In real count data, the Poisson model often fails: Var[Y] > E[Y] (overdispersion). Dean’s test: statistic Z = (Σ(Yᵢ−λ̂)²−Σλ̂ᵢ)/√(2Σλ̂ᵢ²) → N(0,1). Poisson alternatives: Negative binomial (NB): Var = μ + μ²/r. Zero-inflated (ZIP): a mixture of Poisson and point mass at 0. Model selection via LRT or AIC.

Goodness-of-Fit Tests in Bayesian Statistics

In the Bayesian paradigm, “goodness-of-fit tests” are posterior predictive p-values (PPP): p_ppc = P(T(X_rep) ≥ T(X_obs) | X_obs), where X_rep ~ P(X|θ)·P(θ|X_obs). PPP ≈ 0.5 means good fit. Criticism: PPPs are conservative—inflate p-values (double use of data for fit and test).

Information Criteria and Model Selection

AIC (Akaike): AIC = −2ℓ(θ̂) + 2k. Select model with min AIC. Assesses the expected KL divergence between true and fitted distributions. BIC (Bayesian): BIC = −2ℓ(θ̂) + k·ln(n). Penalizes complexity more with large n → selects simpler models. For nested models: BIC difference > 10 is strong evidence for the simpler. Likelihood ratio test: Λ = 2(ℓ₁−ℓ₀) ~ χ²(k₁−k₀)—nested models.

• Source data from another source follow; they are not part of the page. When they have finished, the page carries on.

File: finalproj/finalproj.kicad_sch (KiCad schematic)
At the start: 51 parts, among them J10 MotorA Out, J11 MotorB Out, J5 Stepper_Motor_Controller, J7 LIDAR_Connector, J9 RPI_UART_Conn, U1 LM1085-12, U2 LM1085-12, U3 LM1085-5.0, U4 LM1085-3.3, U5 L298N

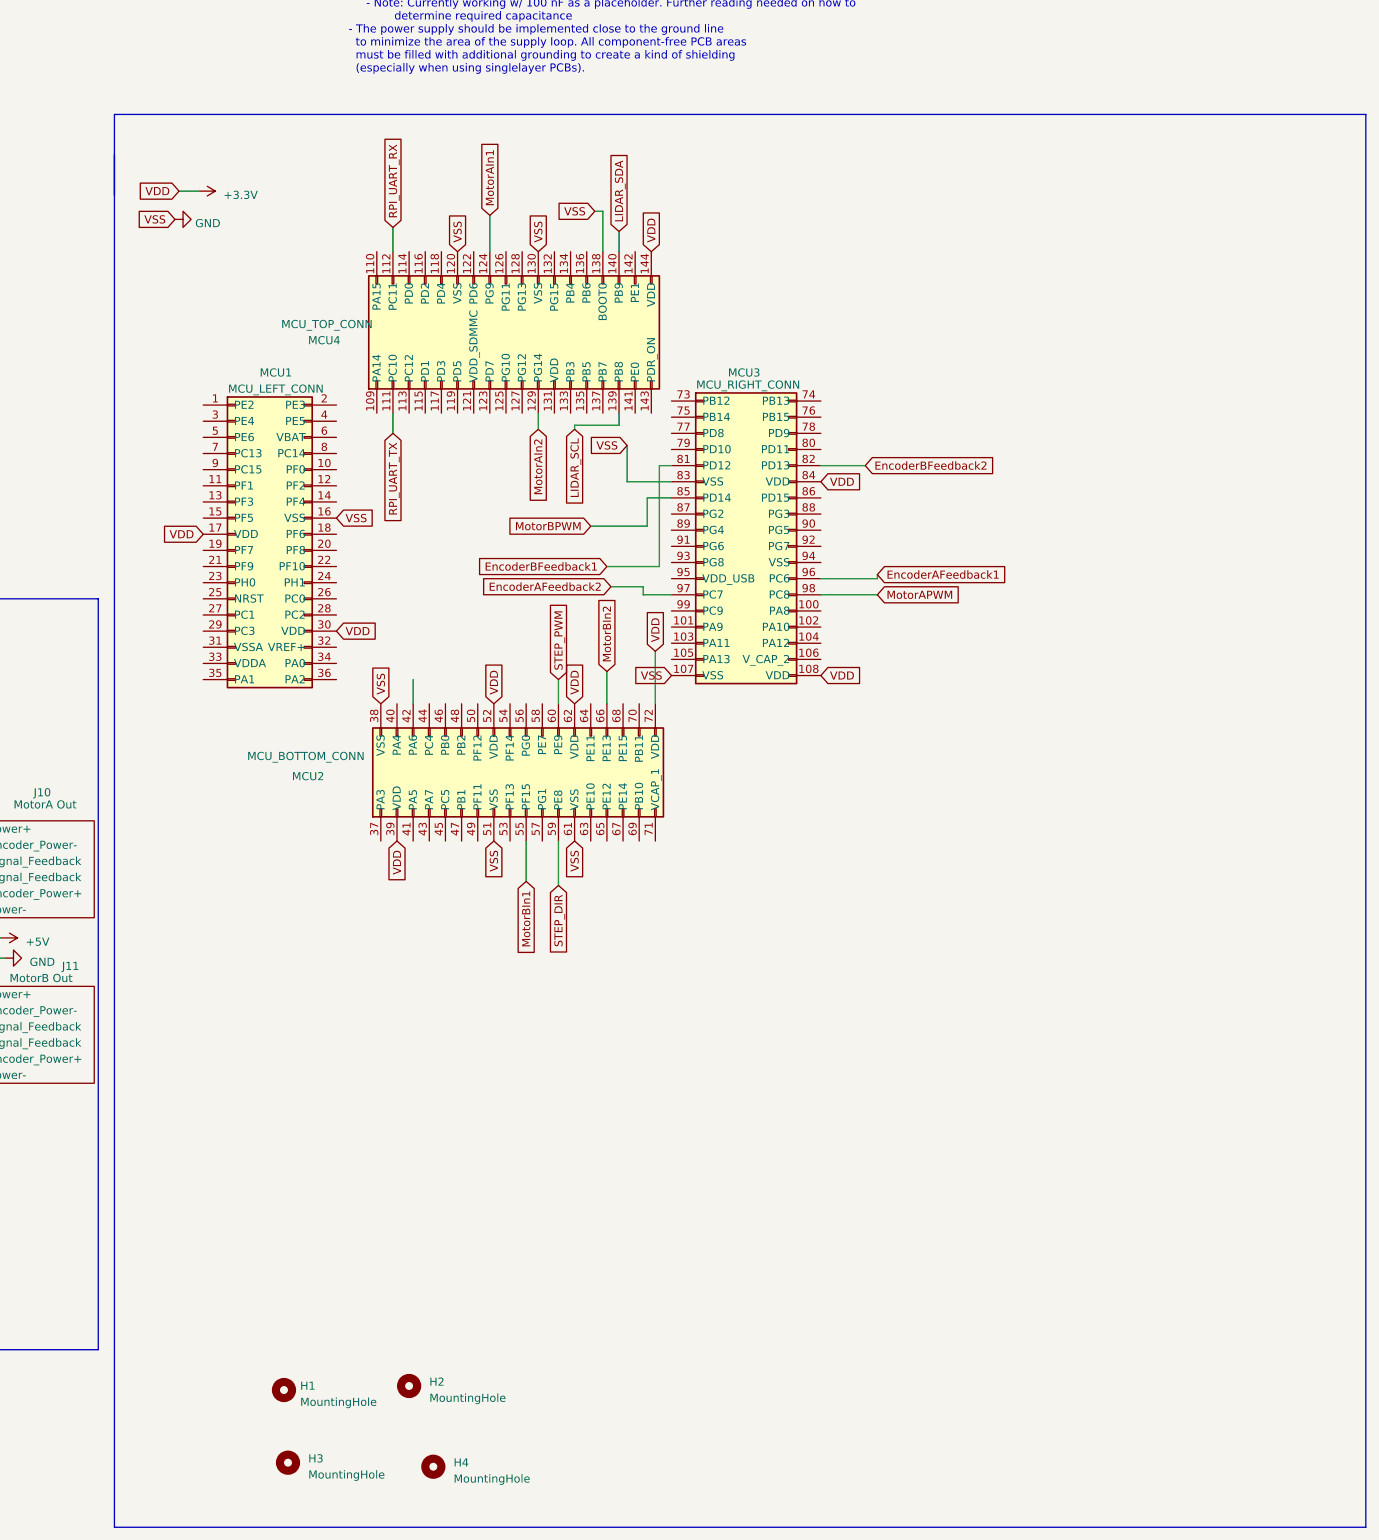
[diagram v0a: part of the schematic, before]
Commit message: Added necessary pin requirements to mainboard
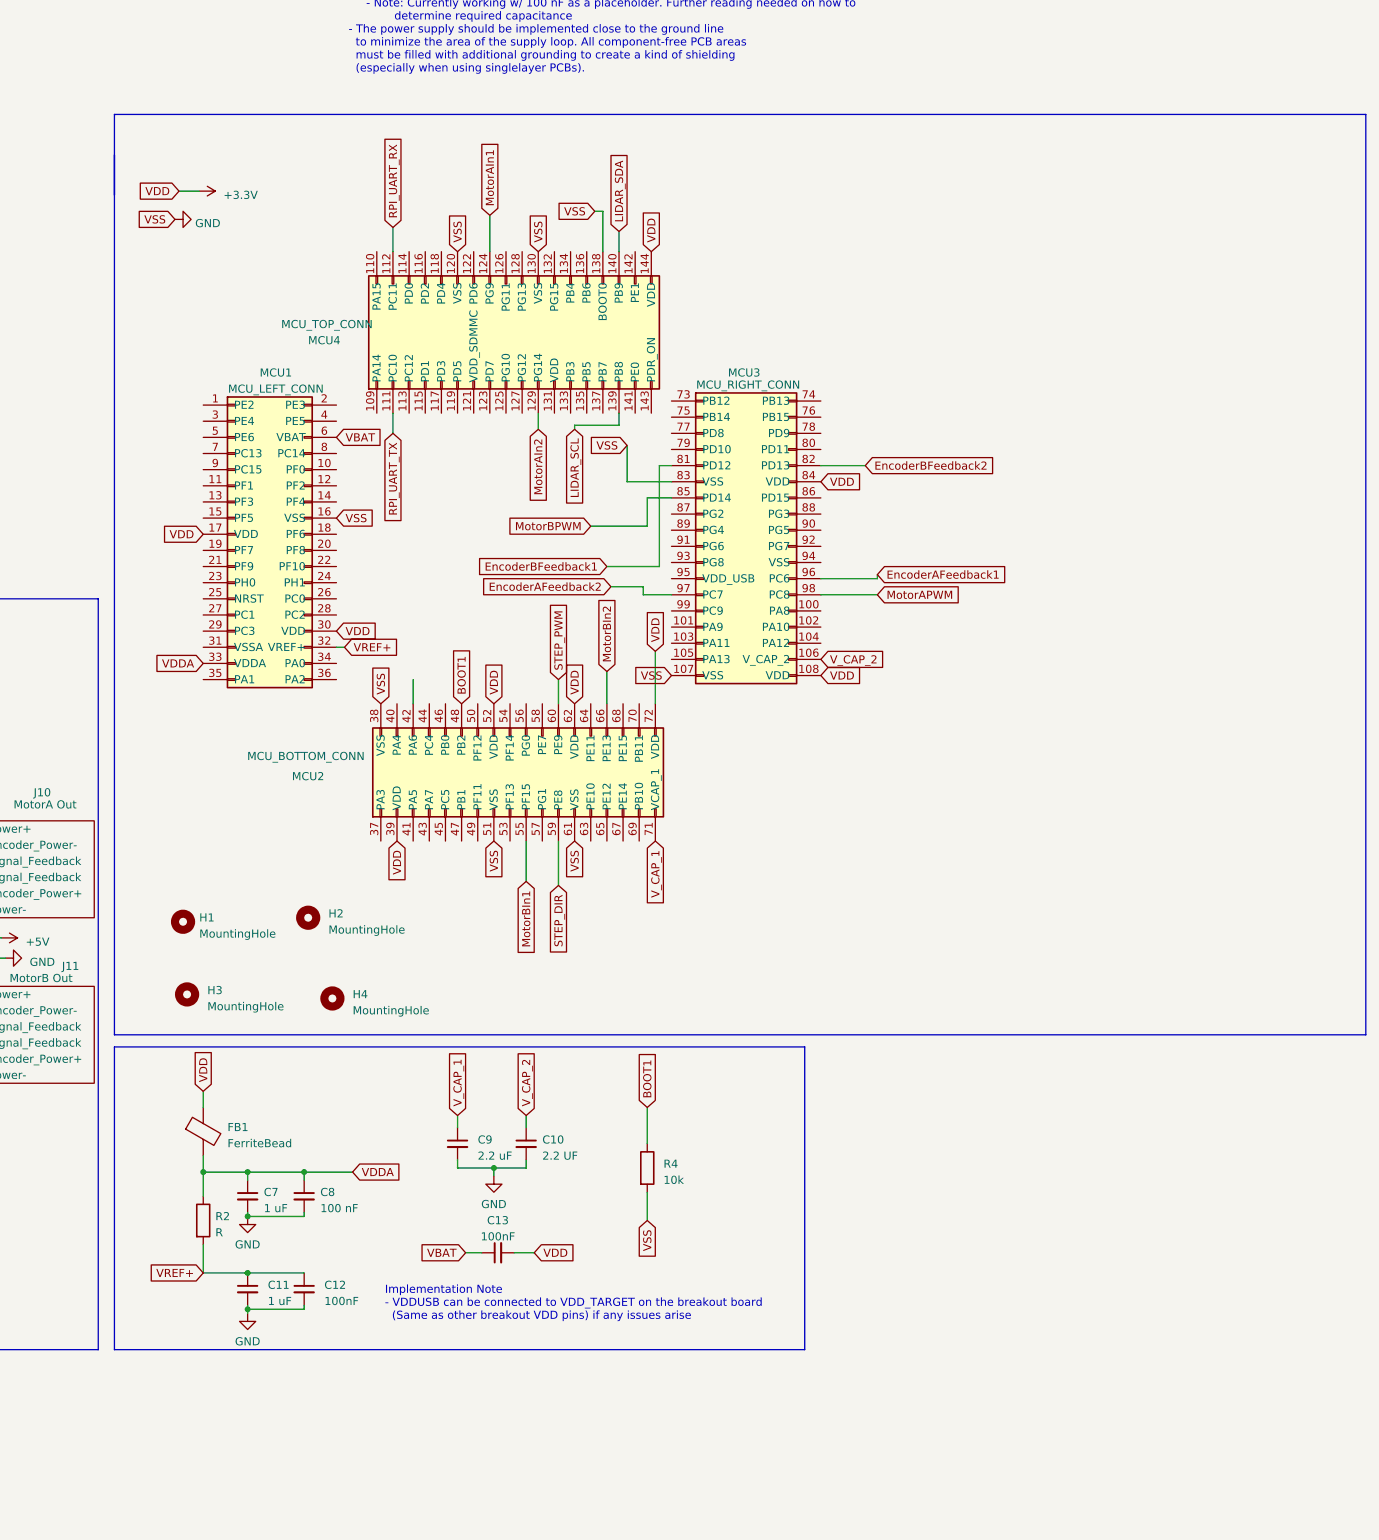
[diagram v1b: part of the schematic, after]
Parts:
- added C10: 2.2 UF, Capacitor_SMD:C_0805_2012Metric, symbol Device:C_Small
- added C11, C7: 1 uF, Capacitor_SMD:C_0805_2012Metric, symbol Device:C_Small
- added C12, C13: 100nF, Capacitor_SMD:C_0805_2012Metric, symbol Device:C_Small
- added C8: 100 nF, Capacitor_SMD:C_0805_2012Metric, symbol Device:C_Small
- added C9: 2.2 uF, Capacitor_SMD:C_0805_2012Metric, symbol Device:C_Small
- added FB1: FerriteBead, symbol Device:FerriteBead
- added R2: R, symbol Device:R
- added R4: 10k, symbol Device:R
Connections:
- net +3.3V: now also C13.2, FB1.1
- net GND: now also C10.2, C11.2, C12.2, C7.2, C8.2, C9.2, R4.2
- net V_CAP_2: now reaches MCU3.106 (V_CAP_2)
- net V_CAP_2: now also C10.1
- net VREF+: now reaches MCU1.32 (VREF+)
- net VREF+: now also C11.1, C12.1, R2.2
- net VDDA: now reaches MCU1.33 (VDDA)
- net VDDA: now also C7.1, C8.1, FB1.2, R2.1
- net VBAT: now reaches MCU1.6 (VBAT)
- net VBAT: now also C13.1
- net BOOT1: now reaches MCU2.48 (PB2)
- net BOOT1: now also R4.1
- net V_CAP_1: now reaches MCU2.71 (VCAP_1)
- net V_CAP_1: now also C9.1
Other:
- note added: "Implementation Note - VDDUSB can be connected to VDD_TARGET on the breakout board (Same as other breakout VDD pins) if any issues arise"
- moved on the sheet: H1, H2, H3, H4

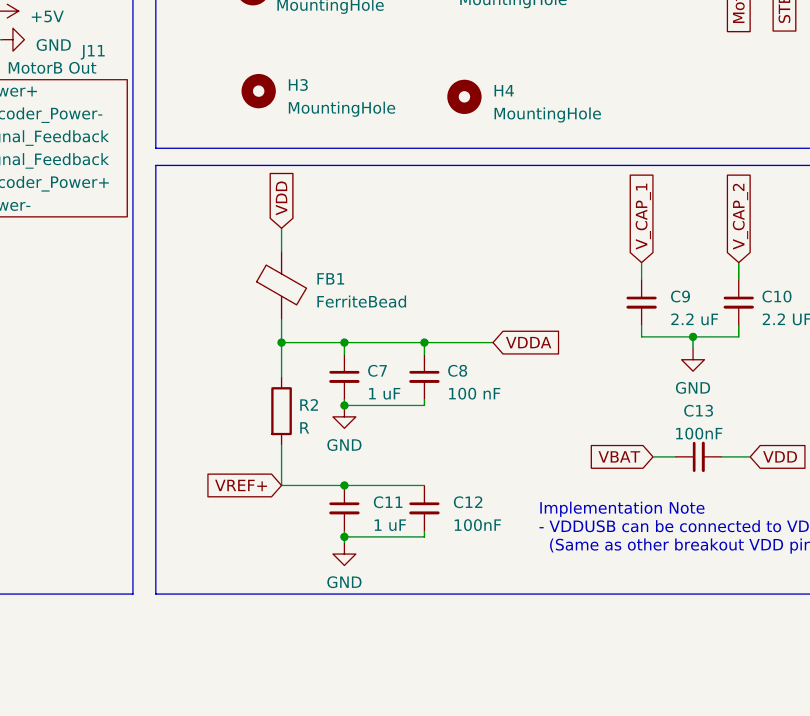
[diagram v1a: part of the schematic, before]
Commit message: Added recommended decoupling components to main board - removed parts deemed unnecessary or ambiguous
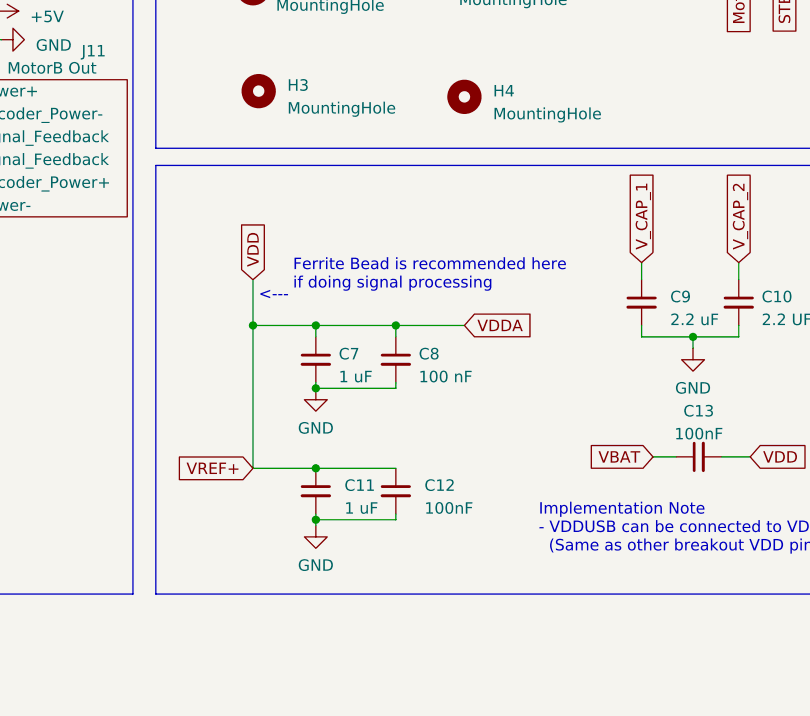
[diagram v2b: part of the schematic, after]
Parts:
- removed FB1: FerriteBead, symbol Device:FerriteBead
- removed R2: R, symbol Device:R
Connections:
- net VDDA is gone; now on net +3.3V: C7.1, C8.1, MCU1.33 (VDDA)
- net VREF+ is gone; now on net +3.3V: C11.1, C12.1, MCU1.32 (VREF+)
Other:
- note added: "<---"
- note added: "Ferrite Bead is recommended here if doing signal processing"
- moved on the sheet: C11, C12, C7, C8

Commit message: Mainboard updated to SMT32F401 standards
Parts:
- removed R4: 10k, symbol Device:R
- added C14, C15, C16, C17, C18, C19, C22: 100 nF, symbol Device:C_Small
- added C20: 4.7 uF, symbol Device:C_Small
- added C21, C36, C37: 4.7uF, symbol Device:C_Small
- added C23: 1uF, symbol Device:C_Small
- added C38: 0.1uF, symbol Device:C_Small
- added C39: 100nF, Capacitor_SMD:C_0805_2012Metric, symbol Device:C_Small
- added J1, J2, J3: Conn_01x01, symbol Connector_Generic:Conn_01x01
- added J4: Programmer_Conn, symbol Connector_Generic:Conn_01x06
- added R2: 10k, symbol Device:R_Small
- added SW1, SW2: SW_DPDT_x2, symbol Switch:SW_DPDT_x2
- added SW3: SW_Push, symbol Switch:SW_Push
- added U6: STM32F401RBTx, Package_QFP:LQFP-64_10x10mm_P0.5mm, symbol MCU_ST_STM32F4:STM32F401RBTx
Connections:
- net +12V: now also J1.1 (Pin_1)
- net +3.3V: now also C14.2, C15.2, C16.2, C17.2, C18.2, C19.2, C20.2, C22.2, C23.2, C39.2, J3.1 (Pin_1), J4.1 (Pin_1), SW1.1 (A), SW2.1 (A), U6.19 (VDD), U6.32 (VDD), U6.48 (VDD), U6.64 (VDD)
- net +5V: now also J2.1 (Pin_1)
- net EncoderAFeedback1: now also U6.37 (PC6)
- net EncoderAFeedback2: now also U6.38 (PC7)
- net GND: now also C14.1, C15.1, C16.1, C17.1, C18.1, C19.1, C20.1, C21.1, C22.1, C23.1, C36.1, C37.1, C38.2, J4.3 (Pin_3), SW1.3 (C), SW2.3 (C), SW3.2, U6.12 (VSSA), U6.18 (VSS), U6.31 (VSS), U6.47 (VSS), U6.63 (VSS)
- net LIDAR_SCL: now also U6.61 (PB8)
- net LIDAR_SDA: now also U6.62 (PB9)
- net MotorAIn2: now also U6.3 (PC14)
- net MotorAPWM: now also U6.39 (PC8)
- net RPI_UART_RX: now also U6.52 (PC11)
- net RPI_UART_TX: now also U6.51 (PC10)
- new net: C39.1, U6.1 (VBAT)
- new net: C36.2, C37.2, U6.13 (VREF+)
- new net: SW1.2 (B), U6.28 (PB2)
- new net: R2.1, SW2.2 (B)
- new net: C21.2, U6.30 (VCAP1)
- new net: R2.2, U6.60 (BOOT0)
- new net NRST: C38.1, J4.5 (Pin_5), SW3.1, U6.7 (NRST)
- new net SWCLK: J4.2 (Pin_2), U6.50 (PA15)
- new net SWDIO: J4.4 (Pin_4), U6.46 (PA13)
- new net SWO: J4.6 (Pin_6)
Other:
- note added: "BOOT1"
- note added: "External Power Supply GPIO Pins"
- note added: "Labels Requiring Substitutions: - Connect PG3 equivalent to SWO - Connect PG9 equivalent to MotorAln1"
- note added: "MCU"
- note added: "VDD-VSS Decoupling"
- note added: "VDDA-VSSA Decoupling"
- moved on the sheet: C10, C11, C12, C13, C29, C30, C31, C32, C33, C34, C5, C6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

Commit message: Assigned footprints, reassigned tags
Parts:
- removed C10: 2.2 UF, Capacitor_SMD:C_0805_2012Metric, symbol Device:C_Small
- removed C11, C7: 1 uF, Capacitor_SMD:C_0805_2012Metric, symbol Device:C_Small
- removed C12, C13: 100nF, Capacitor_SMD:C_0805_2012Metric, symbol Device:C_Small
- removed C8: 100 nF, Capacitor_SMD:C_0805_2012Metric, symbol Device:C_Small
- removed C9: 2.2 uF, Capacitor_SMD:C_0805_2012Metric, symbol Device:C_Small
- removed MCU1: MCU_LEFT_CONN, MCU_SOCKETS:MCU1_SOCKET, symbol Connector_Generic:Conn_02x18_Odd_Even
- removed MCU2: MCU_BOTTOM_CONN, MCU_SOCKETS:MCU2_SOCKETS, symbol Connector_Generic:Conn_02x18_Odd_Even
- removed MCU3: MCU_RIGHT_CONN, MCU_SOCKETS:MCU3_SOCKETS, symbol Connector_Generic:Conn_02x18_Odd_Even
- removed MCU4: MCU_TOP_CONN, MCU_SOCKETS:MCU4_SOCKETS, symbol Connector_Generic:Conn_02x18_Odd_Even
- removed U6: STM32F401RBTx, Package_QFP:LQFP-64_10x10mm_P0.5mm, symbol MCU_ST_STM32F4:STM32F401RBTx
- added C40, C41, C42, C43: 20pF, Capacitor_SMD:C_0805_2012Metric, symbol Device:C_Small
- added J6: Conn_01x01, Connector_PinHeader_2.54mm:PinHeader_1x01_P2.54mm_Vertical, symbol Connector_Generic:Conn_01x01
- added R10, R8, R9: 0, Resistor_SMD:R_1206_3216Metric_Pad1.30x1.75mm_HandSolder, symbol Device:R_Small
- added R4: 10k, Resistor_SMD:R_1206_3216Metric_Pad1.30x1.75mm_HandSolder, symbol Device:R_Small
- added R6: 0, Connector_PinHeader_2.54mm:PinHeader_1x06_P2.54mm_Vertical, symbol Device:R_Small
- added U7: STM32F401RCTx, Package_QFP:LQFP-64_10x10mm_P0.5mm, symbol MCU_ST_STM32F4:STM32F401RCTx
- added Y1: 25 MHz, ABLS-25.000MHZ-B2F-T:XTAL_ABLS-25.000MHZ-B2F-T, symbol Device:Crystal
- added Y2: 32.768 KHz, Crystal:Crystal_SMD_3215-2Pin_3.2x1.5mm, symbol Device:Crystal
- C14, C15, C16, C17, C18, C19, C20, C21, C22, C23, C36, C37, C38: footprint (none) -> Capacitor_SMD:C_0805_2012Metric
- J1, J2, J3: footprint (none) -> Connector_PinHeader_2.54mm:PinHeader_1x01_P2.54mm_Vertical
- J4: footprint (none) -> Connector_PinHeader_2.54mm:PinHeader_1x06_P2.54mm_Vertical
- R2: footprint (none) -> Resistor_SMD:R_1206_3216Metric_Pad1.30x1.75mm_HandSolder
- SW1, SW2: footprint (none) -> EG-1206A:SLIDE-SWITCH
- SW3: footprint (none) -> Button_Switch_THT:SW_PUSH_6mm
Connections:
- net +3.3V: now also U7.19 (VDD), U7.32 (VDD), U7.48 (VDD), U7.64 (VDD)
- net EncoderAFeedback1: now also U7.41 (PA8)
- net EncoderAFeedback2: now also U7.42 (PA9)
- net EncoderBFeedback1: now also U7.14 (PA0)
- net EncoderBFeedback2: now also U7.15 (PA1)
- net GND: now also C40.1, C41.1, C42.1, C43.1, J6.1 (Pin_1), U7.12 (VSSA), U7.18 (VSS), U7.31 (VSS), U7.47 (VSS), U7.63 (VSS)
- net LIDAR_SCL: now also U7.61 (PB8)
- net LIDAR_SDA: now also U7.62 (PB9)
- net MotorAIn1: now also U7.37 (PC6)
- net MotorAIn2: now also U7.38 (PC7)
- net MotorAPWM: now also U7.43 (PA10)
- net MotorBIn1: now also U7.39 (PC8)
- net MotorBIn2: now also U7.40 (PC9)
- net MotorBPWM: now also U7.16 (PA2)
- net NRST: now also U7.7 (NRST)
- net RPI_UART_RX: now also U7.59 (PB7)
- net RPI_UART_TX: now also U7.58 (PB6)
- net STEP_DIR: now also U7.36 (PB15)
- net STEP_PWM: now also U7.22 (PA6)
- net SWCLK: now also U7.49 (PA14)
- net SWDIO: now also U7.46 (PA13)
- net SWO: now also U7.55 (PB3)
- net at C39.1: now also U7.1 (VBAT)
- net at C36.2, C37.2: now also U7.13 (VREF+)
- net at SW1.2 (B): now also R4.2
- net at C21.2: now also U7.30 (VCAP1)
- net at R2.2: now also U7.60 (BOOT0)
- new net: R4.1, U7.28 (PB2)
- new net: C40.2, R6.1, Y1.2
- new net: R6.2, U7.3 (PC14)
- new net: R8.1, U7.4 (PC15)
- new net: C41.2, R8.2, Y1.1
- new net: C43.2, R9.2, Y2.1
- new net: C42.2, R10.1, Y2.2
- new net: R9.1, U7.6 (PH1)
- new net: R10.2, U7.5 (PH0)
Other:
- note added: "OSC_IN"
- note added: "OSC_OUT"
- note removed: "<---"
- note removed: "Ferrite Bead is recommended here if doing signal processing"
- note removed: "Implementation Note - VDDUSB can be connected to VDD_TARGET on the breakout board (Same as other breakout VDD pins) if any issues arise"
- note removed: "Labels Requiring Substitutions: - Connect PG3 equivalent to SWO - Connect PG9 equivalent to MotorAln1"
- moved on the sheet: C14, C15, C16, C17, C18, C19, C20, C22, C23, J1, J2, J3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

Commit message: finished pcb2 placement
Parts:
- R6: footprint Connector_PinHeader_2.54mm:PinHeader_1x06_P2.54mm_Vertical -> Resistor_SMD:R_1206_3216Metric_Pad1.30x1.75mm_HandSolder
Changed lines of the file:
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@@
       (effects (font (size 1.27 1.27)))
     )
-    (property "Footprint" "Connector_PinHeader_2.54mm:PinHeader_1x06_P2.54mm_Vertical" (at 244.348 97.79 0)
+    (property "Footprint" "Resistor_SMD:R_1206_3216Metric_Pad1.30x1.75mm_HandSolder" (at 244.348 97.79 0)
       (effects (font (size 1.27 1.27)) hide)
     )

Numerical Example: χ² Goodness-of-Fit Test and AIC Criterion

Problem: A die is thrown n=60 times. Observed frequencies O={8,10,12,11,9,10}. Test H₀: fair die; choose the best of two models by AIC.

Step 1: Expected frequencies under H₀ (uniform): Eᵢ=60/6=10 for each face.

Step 2: χ²=Σ(Oᵢ−Eᵢ)²/Eᵢ=(8−10)²/10+(10−10)²/10+(12−10)²/10+(11−10)²/10+(9−10)²/10+(10−10)²/10 = 4/10+0+4/10+1/10+1/10+0 = 1.0.

Step 3: df=k−1=5. Critical χ²(0.05;5)=11.07. Since 1.0<11.07, H₀ is not rejected. p-value≈0.96.

Step 4: Model M₁ (uniform, 0 parameters): log-likelihood = 60·ln(1/6)≈−107.4; AIC=2·107.4+2·0=214.8. Model M₂ (free probabilities, 5 parameters): AIC=2·106.9+2·5=223.8. ΔAIC=9>6 → M₁ is preferred—Occam’s razor confirmed.